• _BRIEF_:
Which lines of the entries contain the string "centre"? Please find them and copy them.

Stored dataset items:

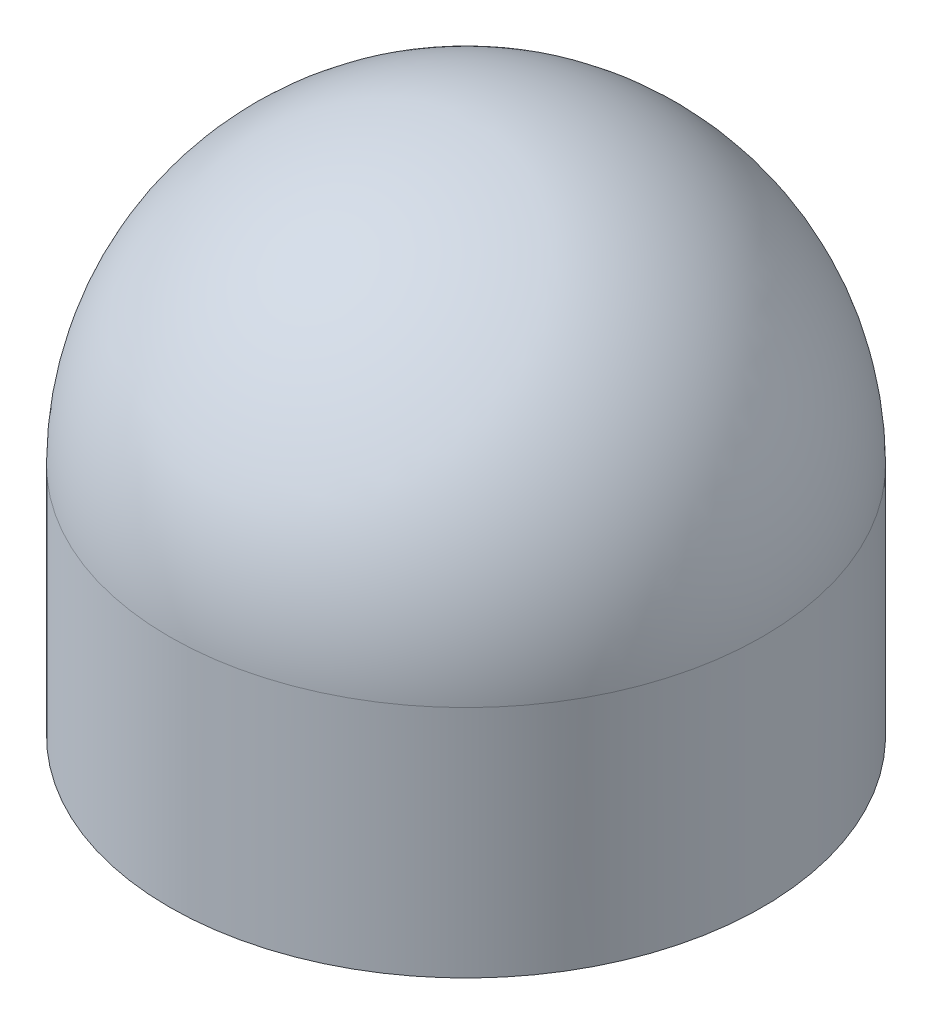
SolidWorks part; units mm, degrees
ref_plane "Front Plane" through (0, 0, 0) normal (0, 0, 1) x (1, 0, 0)
ref_plane "Top Plane" through (0, 0, 0) normal (0, 1, 0) x (1, 0, 0)
ref_plane "Right Plane" through (0, 0, 0) normal (1, 0, 0) x (0, 0, -1)
sketch "Sketch1" plane through (0, 0, 0) normal (0, 0, 1) x (1, 0, 0)
  line L0 (0, 17.272) -> (0, 7.62)
  line L5 (0, 0) -> (9.652, 0)
  line L6 (0, 0) -> (0, 7.62)
  line L8 (9.652, 0) -> (9.652, 7.62)
  arc A0 (9.652, 7.62) -> (0, 17.272) centre (0, 7.62) ccw
  dimension "D3" = 9.652
  dimension "D1" = 7.62
  dimension "D2" = 9.652
revolve "Revolve1" add sketch "Sketch1" angle 360 about L0
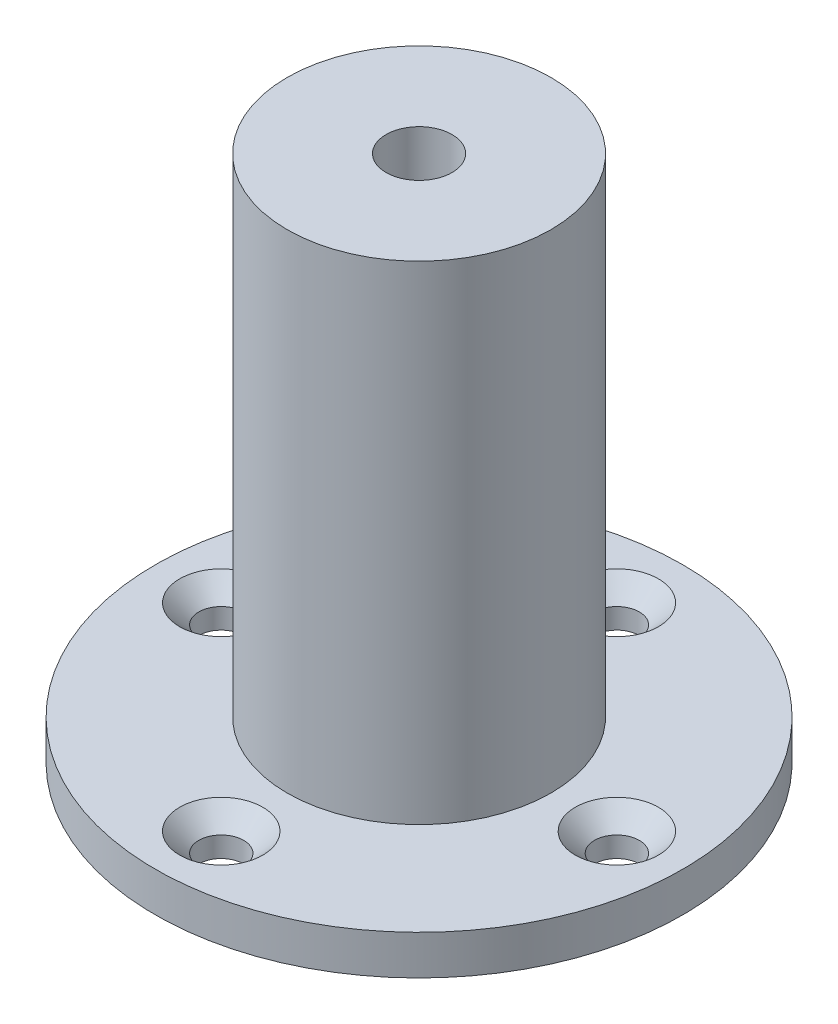
SolidWorks part; units mm, degrees
ref_plane "Front Plane" through (0, 0, 0) normal (0, 0, 1) x (1, 0, 0)
ref_plane "Top Plane" through (0, 0, 0) normal (0, 1, 0) x (1, 0, 0)
ref_plane "Right Plane" through (0, 0, 0) normal (1, 0, 0) x (0, 0, -1)
sketch "Sketch1" plane through (0, 0, 0) normal (0, 1, 0) x (1, 0, 0)
  circle A0 centre (0, 0) radius 10
  dimension "D1" = 20
extrude "Boss-Extrude1" add sketch "Sketch1" along normal blind 40 contours A0
sketch "Sketch2" plane through (0, 0, 0) normal (0, -1, 0) x (1, 0, 0)
  circle A0 centre (0, 0) radius 20
  dimension "D1" = 40
extrude "Boss-Extrude2" add sketch "Sketch2" against normal blind 3
hole_wizard "CSK for M3 Countersunk Flat Head Screw1" positions "Sketch4" profile "Sketch3" countersink size "M3" standard "ISO" end condition through all
sketch "Sketch4" plane through (0, 3, 0) normal (0, 1, 0) x (1, 0, 0)
  point P0 (0, 15)
  dimension "D1" = 15
sketch "Sketch3" plane through (0, 3, -15) normal (1, 0, 0) x (0, 0, 1)
  line L0 (0, 0) -> (0, 3)
  line L1 (0, 3) -> (1.7, 3)
  line L2 (1.7, 3) -> (1.7, 1.45)
  line L3 (1.7, 1.45) -> (3.15, 0)
  line L5 (3.15, 0) -> (0, 0)
  line L6 (-1.7, 1.45) -> (-3.15, 0) construction
  line L11 (0, -6.35) -> (0, 107.95) construction
  dimension "Thru Hole Dia." = 3.4
  dimension "Thru Hole Depth" = 3
  dimension "Near C'Sink Dia." = 6.3
  dimension "Near C'Sink Angle" = 90
pattern_circular "CirPattern1" count 4 over 360 about axis through (0, 0, 0) along (0, 1, 0) of "CSK for M3 Countersunk Flat Head Screw1"
hole_wizard "M6 Tapped Hole1" positions "Sketch6" profile "Sketch5" tap size "M6" standard "ISO"
sketch "Sketch6" plane through (0, 40, 0) normal (0, 1, 0) x (1, 0, 0)
  point P0 (0, 0)
sketch "Sketch5" plane through (0, 40, 0) normal (1, 0, 0) x (0, 0, 1)
  line L0 (0, 0) -> (0, 18.5022)
  line L1 (0, 18.5022) -> (2.5, 17)
  line L2 (2.5, 17) -> (2.5, 0)
  line L5 (2.5, 0) -> (0, 0)
  line L10 (0, 18.5022) -> (-2.5, 17) construction
  line L11 (0, -6.35) -> (0, 107.95) construction
  dimension "Tap Drill Dia." = 5
  dimension "Tap Drill Depth" = 17
  dimension "Drill Angle" = 118

• _TASK ANSWER_:
  arc A0 (9.652, 7.62) -> (0, 17.272) centre (0, 7.62) ccw
  circle A0 centre (0, 0) radius 10
  circle A0 centre (0, 0) radius 20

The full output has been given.